Lol! They were close enough I could hear them talking about duck dynasty and their newest gear from Walmart


----------



## beer and nuts (Jan 2, 2001)

3 woodies and a mallard. Good morning for me.


----------



## adam bomb (Feb 27, 2006)

Shoulda coulda woulda had our geese. Still very happy with 8 and a mallard. My pup got over goose phobia in a hurry retrieving them all! One had some bling too. Smiles all around!!!

View attachment 228304


----------



## Jerry Lamb (Aug 3, 2015)

adam bomb said:


> Shoulda coulda woulda had our geese. Still very happy with 8 and a mallard. My pup got over goose phobia in a hurry retrieving them all! One had some bling too. Smiles all around!!!
> 
> View attachment 228304


We hunted AM and PM at a public marsh near Houghton Lake.
Ended up with 7 including the spectacular shot I made that turned out to be a Hooded Mergy. Bad bird numbers. Wood ducks down from Sept. 1. Hunter numbers average. First shots about 7:12AM.
Just a disappointment. Fired 11 rounds. We did get 2 woodcock and a grouse in the rain Friday.


----------



## lreigler (Dec 23, 2009)

We managed just one in the southern part of the middle zone. Birds didn't want to decoy, but did see a decent amount.


----------



## adam bomb (Feb 27, 2006)

Jerry Lamb said:


> We hunted AM and PM at a public marsh near Houghton Lake.
> Ended up with 7 including the spectacular shot I made that turned out to be a Hooded Mergy. Bad bird numbers. Wood ducks down from Sept. 1. Hunter numbers average. First shots about 7:12AM.
> Just a disappointment. Fired 11 rounds. We did get 2 woodcock and a grouse in the rain Friday.

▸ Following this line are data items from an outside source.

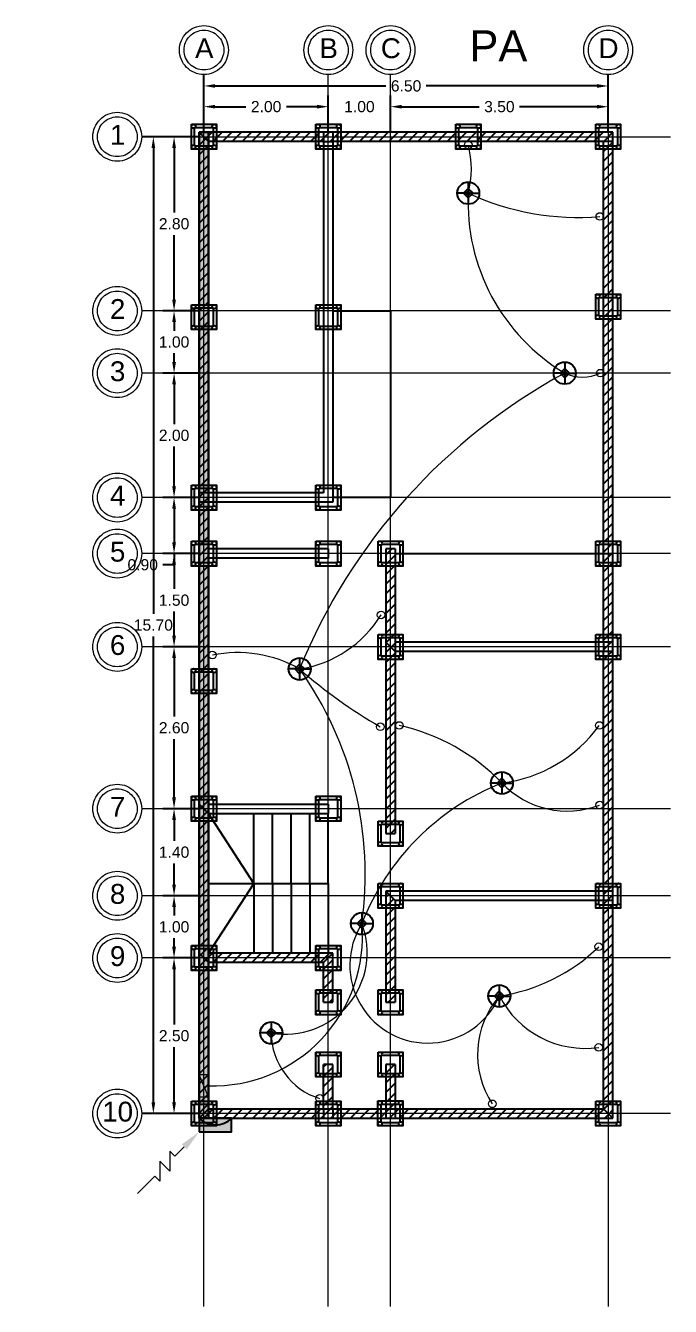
# Model space of a CAD drawing. Header units: metres. Extents: x 25 to 708562, y 11 to 4563236.
# Drawn here: x 61.73 to 72.09, y 64.02 to 84.6 of the extents above; entities that cross this region are included whole.
import ezdxf

# ---------------------------------------------------------------- set-up
doc = ezdxf.new("R2010")
doc.units = ezdxf.units.M
doc.header["$PDMODE"] = 35
doc.linetypes.add('ACAD_ISO04W100', pattern=[30, 24, -3, 0, -3])
for name, color, linetype, lineweight in [('Aux', 10, 'ACAD_ISO04W100', 18), ('Cotas', 100, 'Continuous', 15), ('Electrico', 5, 'Continuous', 15), ('Muros', 140, 'Continuous', 25)]:
    doc.layers.add(name, color=color, linetype=linetype, lineweight=lineweight)
for name, color, linetype in [('Kastillo', 30, 'Continuous'), ('lamparas', 40, 'Continuous'), ('Muros de Carga', 221, 'Continuous'), ('SIMBELEC', 7, 'Continuous')]:
    doc.layers.add(name, color=color, linetype=linetype)
doc.styles.get("Standard").update_dxf_attribs({"font": 'arial.ttf'})
doc.dimstyles.new('Muros', dxfattribs={"dimtxt": 0.18, "dimasz": 0.18, "dimexe": 0.18, "dimexo": 0.0625, "dimgap": 0.09, "dimtad": 0, "dimtih": 1, "dimtoh": 1, "dimzin": 0, "dimdsep": 46, "dimtxsty": 'Standard', "dimcen": 0.09, "dimadec": 0, "dimazin": 0, "dimtfac": 1, "dimtofl": 0, "dimtmove": 0, "dimatfit": 3, "dimfxl": 1, "dimtolj": 1, "dimtzin": 0, "dimarcsym": 0})
pattern_1 = [(45, (49.44582, 62.74074), (-0.07857724, 0.07857724), [])]

# ---------------------------------------------------------------- blocks, each defined once
blk = doc.blocks.new('Lamp - Table')
at = {"linetype": 'Continuous'}
for p, q in [((-1, 0), (-7, 0)), ((0, 3), (-3, 0)), ((-3, 0), (0, -3)), ((0, 7), (0, 1)), ((3, 0), (0, 3)), ((0, -3), (3, 0)), ((1, 0), (7, 0)), ((0, -1), (0, -7))]:
    blk.add_line(p, q, dxfattribs=at)
for radius in [7, 1]:
    blk.add_circle((0, 0), radius, dxfattribs=at)
blk = doc.blocks.new('IESIM13')
at = {"layer": 'Electrico'}
blk.add_lwpolyline([(6.2, 0), (3.2, 0), (3.2, 1.6), (0, -1.6), (0, 1.6), (-3.2, -1.6), (-3.2, 0), (-8.82, 0)], dxfattribs=at)
blk.add_solid([(6.2, 0.8), (6.2, -0.8), (11, 0)], dxfattribs=at)
blk = doc.blocks.new('IESIM24')
h = blk.add_hatch(color=2)
h.dxf.hatch_style = 1
h.paths.add_polyline_path([(4.75, 2), (-4.75, 2, 0.4210526316)])
h.paths.add_polyline_path([(4.75, 2, -0.4210526316), (-4.75, 2), (-4.75, -2), (4.75, -2)])
at = {"layer": 'SIMBELEC', "color": 18, "true_color": 0x000000}
blk.add_lwpolyline([(-4.75, -2), (4.75, -2), (4.75, 2), (-4.75, 2)], close=True, dxfattribs=at)
blk.add_arc((0, 6.640625), 6.640625, 224.33269164, 315.66730836, dxfattribs=at)
blk = doc.blocks.new('IESIM23')
at = {"true_color": 0x000000}
h = blk.add_hatch(color=18, dxfattribs=at)
h.dxf.hatch_style = 1
h.paths.add_polyline_path([(4.75, 2), (-4.75, -2), (4.75, -2)])
h = blk.add_hatch(color=2)
h.dxf.hatch_style = 1
h.paths.add_polyline_path([(4.75, 2), (-4.75, 2), (-4.75, -2)])
at = {"layer": 'Electrico', "color": 18, "true_color": 0x000000}
blk.add_lwpolyline([(4.75, 2), (-4.75, 2), (-4.75, -2)], dxfattribs=at)
blk.add_lwpolyline([(4.75, -2), (4.75, 2), (-4.75, -2)], close=True, dxfattribs=at)
blk = doc.blocks.new('*D112')
at = {"layer": 'Cotas', "color": 0, "lineweight": -2, "transparency": 16777216}
for p, q in [((64.53, 82.819), (63.6, 82.819)), ((63.78, 82.639), (63.78, 75.151)), ((63.78, 67.299), (63.78, 74.788)), ((64.53, 67.119), (63.6, 67.119))]:
    blk.add_line(p, q, dxfattribs=at)
at = {"layer": 'Cotas', "color": 0, "transparency": 16777216}
for points in [[(63.75, 82.639), (63.81, 82.639), (63.78, 82.819)], [(63.75, 67.299), (63.81, 67.299), (63.78, 67.119)]]:
    blk.add_solid(points, dxfattribs=at)
at = {"layer": 'Defpoints', "color": 0, "transparency": 16777216}
for p in [(64.593, 82.819), (63.78, 67.119), (64.593, 67.119)]:
    blk.add_point(p, dxfattribs=at)
at = {"layer": 'Cotas', "color": 0, "transparency": 16777216, "insert": (63.78, 74.969), "char_height": 0.18, "attachment_point": 5}
blk.add_mtext('\\A1;15.70', dxfattribs=at)
blk = doc.blocks.new('*D113')
at = {"layer": 'Cotas', "color": 0, "lineweight": -2, "transparency": 16777216}
for p, q in [((64.53, 82.819), (63.933, 82.819)), ((64.113, 82.639), (64.113, 81.601)), ((64.113, 80.199), (64.113, 81.238)), ((64.53, 80.019), (63.933, 80.019))]:
    blk.add_line(p, q, dxfattribs=at)
at = {"layer": 'Cotas', "color": 0, "transparency": 16777216}
for points in [[(64.083, 82.639), (64.143, 82.639), (64.113, 82.819)], [(64.083, 80.199), (64.143, 80.199), (64.113, 80.019)]]:
    blk.add_solid(points, dxfattribs=at)
at = {"layer": 'Defpoints', "color": 0, "transparency": 16777216}
for p in [(64.113, 82.819), (64.593, 82.819), (64.593, 80.019)]:
    blk.add_point(p, dxfattribs=at)
at = {"layer": 'Cotas', "color": 0, "transparency": 16777216, "insert": (64.113, 81.419), "char_height": 0.18, "attachment_point": 5}
blk.add_mtext('\\A1;2.80', dxfattribs=at)
blk = doc.blocks.new('*D114')
at = {"layer": 'Cotas', "color": 0, "lineweight": -2, "transparency": 16777216}
for p, q in [((64.53, 80.019), (63.933, 80.019)), ((64.113, 79.839), (64.113, 79.701)), ((64.113, 79.199), (64.113, 79.338)), ((64.53, 79.019), (63.933, 79.019))]:
    blk.add_line(p, q, dxfattribs=at)
at = {"layer": 'Cotas', "color": 0, "transparency": 16777216}
for points in [[(64.083, 79.839), (64.143, 79.839), (64.113, 80.019)], [(64.083, 79.199), (64.143, 79.199), (64.113, 79.019)]]:
    blk.add_solid(points, dxfattribs=at)
at = {"layer": 'Defpoints', "color": 0, "transparency": 16777216}
for p in [(64.593, 80.019), (64.113, 79.019), (64.593, 79.019)]:
    blk.add_point(p, dxfattribs=at)
at = {"layer": 'Cotas', "color": 0, "transparency": 16777216, "insert": (64.113, 79.519), "char_height": 0.18, "attachment_point": 5}
blk.add_mtext('\\A1;1.00', dxfattribs=at)
blk = doc.blocks.new('*D115')
at = {"layer": 'Cotas', "color": 0, "lineweight": -2, "transparency": 16777216}
for p, q in [((64.53, 79.019), (63.933, 79.019)), ((64.113, 78.839), (64.113, 78.201)), ((64.113, 77.199), (64.113, 77.838)), ((64.53, 77.019), (63.933, 77.019))]:
    blk.add_line(p, q, dxfattribs=at)
at = {"layer": 'Cotas', "color": 0, "transparency": 16777216}
for points in [[(64.083, 78.839), (64.143, 78.839), (64.113, 79.019)], [(64.083, 77.199), (64.143, 77.199), (64.113, 77.019)]]:
    blk.add_solid(points, dxfattribs=at)
at = {"layer": 'Defpoints', "color": 0, "transparency": 16777216}
for p in [(64.593, 79.019), (64.113, 77.019), (64.593, 77.019)]:
    blk.add_point(p, dxfattribs=at)
at = {"layer": 'Cotas', "color": 0, "transparency": 16777216, "insert": (64.113, 78.019), "char_height": 0.18, "attachment_point": 5}
blk.add_mtext('\\A1;2.00', dxfattribs=at)
blk = doc.blocks.new('*D116')
at = {"layer": 'Cotas', "color": 0, "lineweight": -2, "transparency": 16777216}
for p, q in [((64.53, 69.619), (63.933, 69.619)), ((64.113, 69.439), (64.113, 68.551)), ((64.113, 67.299), (64.113, 68.188)), ((64.53, 67.119), (63.933, 67.119))]:
    blk.add_line(p, q, dxfattribs=at)
at = {"layer": 'Cotas', "color": 0, "transparency": 16777216}
for points in [[(64.083, 69.439), (64.143, 69.439), (64.113, 69.619)], [(64.083, 67.299), (64.143, 67.299), (64.113, 67.119)]]:
    blk.add_solid(points, dxfattribs=at)
at = {"layer": 'Defpoints', "color": 0, "transparency": 16777216}
for p in [(64.593, 69.619), (64.113, 67.119), (64.593, 67.119)]:
    blk.add_point(p, dxfattribs=at)
at = {"layer": 'Cotas', "color": 0, "transparency": 16777216, "insert": (64.113, 68.369), "char_height": 0.18, "attachment_point": 5}
blk.add_mtext('\\A1;2.50', dxfattribs=at)
blk = doc.blocks.new('*D117')
at = {"layer": 'Cotas', "color": 0, "lineweight": -2, "transparency": 16777216}
for p, q in [((64.593, 82.882), (64.593, 83.815)), ((71.093, 82.882), (71.093, 83.815)), ((64.773, 83.635), (67.519, 83.635)), ((70.913, 83.635), (68.167, 83.635))]:
    blk.add_line(p, q, dxfattribs=at)
at = {"layer": 'Cotas', "color": 0, "transparency": 16777216}
for points in [[(64.773, 83.665), (64.773, 83.605), (64.593, 83.635)], [(70.913, 83.665), (70.913, 83.605), (71.093, 83.635)]]:
    blk.add_solid(points, dxfattribs=at)
at = {"layer": 'Defpoints', "color": 0, "transparency": 16777216}
for p in [(64.593, 83.635), (64.593, 82.819), (71.093, 82.819)]:
    blk.add_point(p, dxfattribs=at)
at = {"layer": 'Cotas', "color": 0, "transparency": 16777216, "insert": (67.843, 83.635), "char_height": 0.18, "attachment_point": 5}
blk.add_mtext('\\A1;6.50', dxfattribs=at)
blk = doc.blocks.new('*D118')
at = {"layer": 'Cotas', "color": 0, "lineweight": -2, "transparency": 16777216}
for p, q in [((64.593, 82.882), (64.593, 83.482)), ((66.593, 82.882), (66.593, 83.482)), ((64.773, 83.302), (65.268, 83.302)), ((66.413, 83.302), (65.918, 83.302))]:
    blk.add_line(p, q, dxfattribs=at)
at = {"layer": 'Cotas', "color": 0, "transparency": 16777216}
for points in [[(64.773, 83.332), (64.773, 83.272), (64.593, 83.302)], [(66.413, 83.332), (66.413, 83.272), (66.593, 83.302)]]:
    blk.add_solid(points, dxfattribs=at)
at = {"layer": 'Defpoints', "color": 0, "transparency": 16777216}
for p in [(66.593, 83.302), (64.593, 82.819), (66.593, 82.819)]:
    blk.add_point(p, dxfattribs=at)
at = {"layer": 'Cotas', "color": 0, "transparency": 16777216, "insert": (65.593, 83.302), "char_height": 0.18, "attachment_point": 5}
blk.add_mtext('\\A1;2.00', dxfattribs=at)
blk = doc.blocks.new('*D119')
at = {"layer": 'Cotas', "color": 0, "lineweight": -2, "transparency": 16777216}
for p, q in [((66.593, 82.882), (66.593, 83.482)), ((67.593, 82.882), (67.593, 83.482)), ((66.413, 83.302), (66.233, 83.302)), ((67.773, 83.302), (67.953, 83.302))]:
    blk.add_line(p, q, dxfattribs=at)
at = {"layer": 'Cotas', "color": 0, "transparency": 16777216}
for points in [[(66.413, 83.332), (66.413, 83.272), (66.593, 83.302)], [(67.773, 83.332), (67.773, 83.272), (67.593, 83.302)]]:
    blk.add_solid(points, dxfattribs=at)
at = {"layer": 'Defpoints', "color": 0, "transparency": 16777216}
for p in [(67.593, 83.302), (66.593, 82.819), (67.593, 82.819)]:
    blk.add_point(p, dxfattribs=at)
at = {"layer": 'Cotas', "color": 0, "transparency": 16777216, "insert": (67.093, 83.302), "char_height": 0.18, "attachment_point": 5}
blk.add_mtext('\\A1;1.00', dxfattribs=at)
blk = doc.blocks.new('*D120')
at = {"layer": 'Cotas', "color": 0, "lineweight": -2, "transparency": 16777216}
for p, q in [((67.593, 82.882), (67.593, 83.482)), ((71.093, 82.882), (71.093, 83.482)), ((67.773, 83.302), (69.019, 83.302)), ((70.913, 83.302), (69.666, 83.302))]:
    blk.add_line(p, q, dxfattribs=at)
at = {"layer": 'Cotas', "color": 0, "transparency": 16777216}
for points in [[(67.773, 83.332), (67.773, 83.272), (67.593, 83.302)], [(70.913, 83.332), (70.913, 83.272), (71.093, 83.302)]]:
    blk.add_solid(points, dxfattribs=at)
at = {"layer": 'Defpoints', "color": 0, "transparency": 16777216}
for p in [(71.093, 83.302), (67.593, 82.819), (71.093, 82.819)]:
    blk.add_point(p, dxfattribs=at)
at = {"layer": 'Cotas', "color": 0, "transparency": 16777216, "insert": (69.343, 83.302), "char_height": 0.18, "attachment_point": 5}
blk.add_mtext('\\A1;3.50', dxfattribs=at)
blk = doc.blocks.new('*D133')
at = {"layer": 'Cotas', "color": 0, "lineweight": -2, "transparency": 16777216}
for p, q in [((64.53, 77.019), (63.933, 77.019)), ((64.113, 76.839), (64.113, 76.299)), ((64.53, 76.119), (63.933, 76.119)), ((64.113, 76.119), (64.113, 75.939)), ((64.113, 75.939), (63.933, 75.939))]:
    blk.add_line(p, q, dxfattribs=at)
at = {"layer": 'Cotas', "color": 0, "transparency": 16777216}
for points in [[(64.083, 76.839), (64.143, 76.839), (64.113, 77.019)], [(64.083, 76.299), (64.143, 76.299), (64.113, 76.119)]]:
    blk.add_solid(points, dxfattribs=at)
at = {"layer": 'Defpoints', "color": 0, "transparency": 16777216}
for p in [(64.593, 77.019), (64.113, 76.119), (64.593, 76.119)]:
    blk.add_point(p, dxfattribs=at)
at = {"layer": 'Cotas', "color": 0, "transparency": 16777216, "insert": (63.609, 75.939), "char_height": 0.18, "attachment_point": 5}
blk.add_mtext('\\A1;0.90', dxfattribs=at)
blk = doc.blocks.new('*D134')
at = {"layer": 'Cotas', "color": 0, "lineweight": -2, "transparency": 16777216}
for p, q in [((64.53, 76.119), (63.933, 76.119)), ((64.113, 75.939), (64.113, 75.551)), ((64.113, 74.799), (64.113, 75.188)), ((64.53, 74.619), (63.933, 74.619))]:
    blk.add_line(p, q, dxfattribs=at)
at = {"layer": 'Cotas', "color": 0, "transparency": 16777216}
for points in [[(64.083, 75.939), (64.143, 75.939), (64.113, 76.119)], [(64.083, 74.799), (64.143, 74.799), (64.113, 74.619)]]:
    blk.add_solid(points, dxfattribs=at)
at = {"layer": 'Defpoints', "color": 0, "transparency": 16777216}
for p in [(64.593, 76.119), (64.113, 74.619), (64.593, 74.619)]:
    blk.add_point(p, dxfattribs=at)
at = {"layer": 'Cotas', "color": 0, "transparency": 16777216, "insert": (64.113, 75.369), "char_height": 0.18, "attachment_point": 5}
blk.add_mtext('\\A1;1.50', dxfattribs=at)
blk = doc.blocks.new('*D135')
at = {"layer": 'Cotas', "color": 0, "lineweight": -2, "transparency": 16777216}
for p, q in [((64.53, 74.619), (63.933, 74.619)), ((64.113, 74.439), (64.113, 73.501)), ((64.113, 72.199), (64.113, 73.138)), ((64.53, 72.019), (63.933, 72.019))]:
    blk.add_line(p, q, dxfattribs=at)
at = {"layer": 'Cotas', "color": 0, "transparency": 16777216}
for points in [[(64.083, 74.439), (64.143, 74.439), (64.113, 74.619)], [(64.083, 72.199), (64.143, 72.199), (64.113, 72.019)]]:
    blk.add_solid(points, dxfattribs=at)
at = {"layer": 'Defpoints', "color": 0, "transparency": 16777216}
for p in [(64.593, 74.619), (64.113, 72.019), (64.593, 72.019)]:
    blk.add_point(p, dxfattribs=at)
at = {"layer": 'Cotas', "color": 0, "transparency": 16777216, "insert": (64.113, 73.319), "char_height": 0.18, "attachment_point": 5}
blk.add_mtext('\\A1;2.60', dxfattribs=at)
blk = doc.blocks.new('*D136')
at = {"layer": 'Cotas', "color": 0, "lineweight": -2, "transparency": 16777216}
for p, q in [((64.53, 72.019), (63.933, 72.019)), ((64.113, 71.839), (64.113, 71.501)), ((64.113, 70.799), (64.113, 71.138)), ((64.53, 70.619), (63.933, 70.619))]:
    blk.add_line(p, q, dxfattribs=at)
at = {"layer": 'Cotas', "color": 0, "transparency": 16777216}
for points in [[(64.083, 71.839), (64.143, 71.839), (64.113, 72.019)], [(64.083, 70.799), (64.143, 70.799), (64.113, 70.619)]]:
    blk.add_solid(points, dxfattribs=at)
at = {"layer": 'Defpoints', "color": 0, "transparency": 16777216}
for p in [(64.593, 72.019), (64.113, 70.619), (64.593, 70.619)]:
    blk.add_point(p, dxfattribs=at)
at = {"layer": 'Cotas', "color": 0, "transparency": 16777216, "insert": (64.113, 71.319), "char_height": 0.18, "attachment_point": 5}
blk.add_mtext('\\A1;1.40', dxfattribs=at)
blk = doc.blocks.new('*D137')
at = {"layer": 'Cotas', "color": 0, "lineweight": -2, "transparency": 16777216}
for p, q in [((64.53, 70.619), (63.933, 70.619)), ((64.113, 70.439), (64.113, 70.301)), ((64.113, 69.799), (64.113, 69.938)), ((64.53, 69.619), (63.933, 69.619))]:
    blk.add_line(p, q, dxfattribs=at)
at = {"layer": 'Cotas', "color": 0, "transparency": 16777216}
for points in [[(64.083, 70.439), (64.143, 70.439), (64.113, 70.619)], [(64.083, 69.799), (64.143, 69.799), (64.113, 69.619)]]:
    blk.add_solid(points, dxfattribs=at)
at = {"layer": 'Defpoints', "color": 0, "transparency": 16777216}
for p in [(64.593, 70.619), (64.113, 69.619), (64.593, 69.619)]:
    blk.add_point(p, dxfattribs=at)
at = {"layer": 'Cotas', "color": 0, "transparency": 16777216, "insert": (64.113, 70.119), "char_height": 0.18, "attachment_point": 5}
blk.add_mtext('\\A1;1.00', dxfattribs=at)

msp = doc.modelspace()

# ---------------------------------------------------------------- hatches: boundary and pattern name
at = {"layer": 'Aux'}
h = msp.add_hatch(color=256, dxfattribs=at)
h.dxf.hatch_style = 1
h.paths.add_polyline_path([(64.593, 82.894), (64.518, 82.894), (64.518, 80.119), (64.593, 80.119)])
h.paths.add_polyline_path([(64.668, 82.894), (64.593, 82.894), (64.593, 80.119), (64.668, 80.119)])
h.paths.add_polyline_path([(64.668, 79.719), (64.593, 79.719), (64.593, 79.019), (64.668, 79.019)])
h.paths.add_polyline_path([(64.593, 79.719), (64.518, 79.719), (64.518, 79.019), (64.593, 79.019)])
h.paths.add_polyline_path([(64.668, 80.019), (64.593, 80.019), (64.593, 79.769), (64.668, 79.769)])
h.paths.add_polyline_path([(64.593, 80.019), (64.518, 80.019), (64.518, 79.769), (64.593, 79.769)])
h.paths.add_polyline_path([(64.668, 80.069), (64.593, 80.069), (64.593, 80.019), (64.668, 80.019)])
h.paths.add_polyline_path([(64.668, 80.119), (64.593, 80.119), (64.593, 80.069), (64.668, 80.069)])
h.paths.add_polyline_path([(64.593, 80.119), (64.518, 80.119), (64.518, 80.069), (64.593, 80.069)])
h.paths.add_polyline_path([(64.593, 80.069), (64.518, 80.069), (64.518, 80.019), (64.593, 80.019)])
h.paths.add_polyline_path([(64.593, 79.769), (64.518, 79.769), (64.518, 79.719), (64.593, 79.719)])
h.paths.add_polyline_path([(64.668, 79.769), (64.593, 79.769), (64.593, 79.719), (64.668, 79.719)])
h.paths.add_polyline_path([(64.593, 79.019), (64.518, 79.019), (64.518, 77.219), (64.593, 77.219)])
h.paths.add_polyline_path([(64.668, 79.019), (64.593, 79.019), (64.593, 77.219), (64.668, 77.219)])
h.paths.add_polyline_path([(64.593, 77.219), (64.518, 77.219), (64.518, 77.169), (64.593, 77.169)])
h.paths.add_polyline_path([(64.668, 77.219), (64.593, 77.219), (64.593, 77.169), (64.668, 77.169)])
h.paths.add_polyline_path([(64.668, 77.169), (64.593, 77.169), (64.593, 77.094), (64.668, 77.094)])
h.paths.add_polyline_path([(64.593, 77.169), (64.518, 77.169), (64.518, 77.094), (64.593, 77.094)])
h.paths.add_polyline_path([(64.593, 77.094), (64.518, 77.094), (64.518, 77.019), (64.593, 77.019)])
h.paths.add_polyline_path([(64.668, 77.094), (64.593, 77.094), (64.593, 77.019), (64.668, 77.019)])
h.paths.add_polyline_path([(64.668, 77.019), (64.593, 77.019), (64.593, 76.944), (64.668, 76.944)])
h.paths.add_polyline_path([(64.593, 77.019), (64.518, 77.019), (64.518, 76.944), (64.593, 76.944)])
h.paths.add_polyline_path([(64.593, 76.944), (64.518, 76.944), (64.518, 76.869), (64.593, 76.869)])
h.paths.add_polyline_path([(64.668, 76.944), (64.593, 76.944), (64.593, 76.869), (64.668, 76.869)])
h.paths.add_polyline_path([(64.668, 76.869), (64.593, 76.869), (64.593, 76.819), (64.668, 76.819)])
h.paths.add_polyline_path([(64.593, 76.869), (64.518, 76.869), (64.518, 76.819), (64.593, 76.819)])
h.paths.add_polyline_path([(64.668, 76.819), (64.593, 76.819), (64.593, 76.319), (64.668, 76.319)])
h.paths.add_polyline_path([(64.593, 76.819), (64.518, 76.819), (64.518, 76.319), (64.593, 76.319)])
h.paths.add_polyline_path([(64.668, 76.319), (64.593, 76.319), (64.593, 76.269), (64.668, 76.269)])
h.paths.add_polyline_path([(64.593, 76.319), (64.518, 76.319), (64.518, 76.269), (64.593, 76.269)])
h.paths.add_polyline_path([(64.593, 76.269), (64.518, 76.269), (64.518, 76.119), (64.593, 76.119)])
h.paths.add_polyline_path([(64.668, 76.269), (64.593, 76.269), (64.593, 76.119), (64.668, 76.119)])
h.paths.add_polyline_path([(64.668, 76.119), (64.593, 76.119), (64.593, 75.969), (64.668, 75.969)])
h.paths.add_polyline_path([(64.593, 76.119), (64.518, 76.119), (64.518, 75.969), (64.593, 75.969)])
h.paths.add_polyline_path([(64.668, 75.919), (64.593, 75.919), (64.593, 67.044), (64.668, 67.044)])
h.paths.add_polyline_path([(64.593, 75.919), (64.518, 75.919), (64.518, 67.044), (64.593, 67.044)])
h.paths.add_polyline_path([(64.668, 75.969), (64.593, 75.969), (64.593, 75.919), (64.668, 75.919)])
h.paths.add_polyline_path([(64.593, 75.969), (64.518, 75.969), (64.518, 75.919), (64.593, 75.919)])
at = {"layer": 'Muros de Carga'}
h = msp.add_hatch(dxfattribs=at)
h.set_pattern_fill('ANSI31', color=256, scale=0.035)
h.set_pattern_definition(pattern_1)
h.paths.add_polyline_path([(71.168, 82.894), (66.668, 82.894), (66.668, 82.744), (71.168, 82.744)])
h.paths.add_polyline_path([(66.668, 82.894), (66.518, 82.894), (66.518, 82.744), (66.668, 82.744)])
h.paths.add_polyline_path([(66.518, 82.894), (64.518, 82.894), (64.668, 82.744), (66.518, 82.744)])
h.paths.add_polyline_path([(64.668, 82.744), (64.518, 82.894), (64.518, 77.094), (64.668, 77.094)])
h.paths.add_polyline_path([(64.668, 71.944), (64.668, 72.094), (64.668, 76.044), (64.668, 76.194), (64.668, 76.944), (64.518, 76.944), (64.518, 67.044), (64.668, 67.194), (64.668, 69.544), (64.668, 69.694)])
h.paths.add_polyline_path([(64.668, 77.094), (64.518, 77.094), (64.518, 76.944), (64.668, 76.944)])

We shoulda had the geese. My buddy had 2 chances to seal the deal. Called in a single and a 3 pack. Whiff city lol...of well. 

Duck numbers were great where we hunted. Lots of mallards and wood ducks and geese. We even acquired some new spots today. I may have to head north and leave the chaos of Z3 for northern michigan next weekend. My pup did great and that's all I care. So happy with her right now


----------



## hearyr09 (Oct 5, 2012)

Not many mallards around where I am this year, kind of disappointing compared to last year. I think it could be due to the fact that some idiots were out there the past two nights shooting till 7:30-7:45... needless to say I reported them. Hopefully they get busted. Idiots...


----------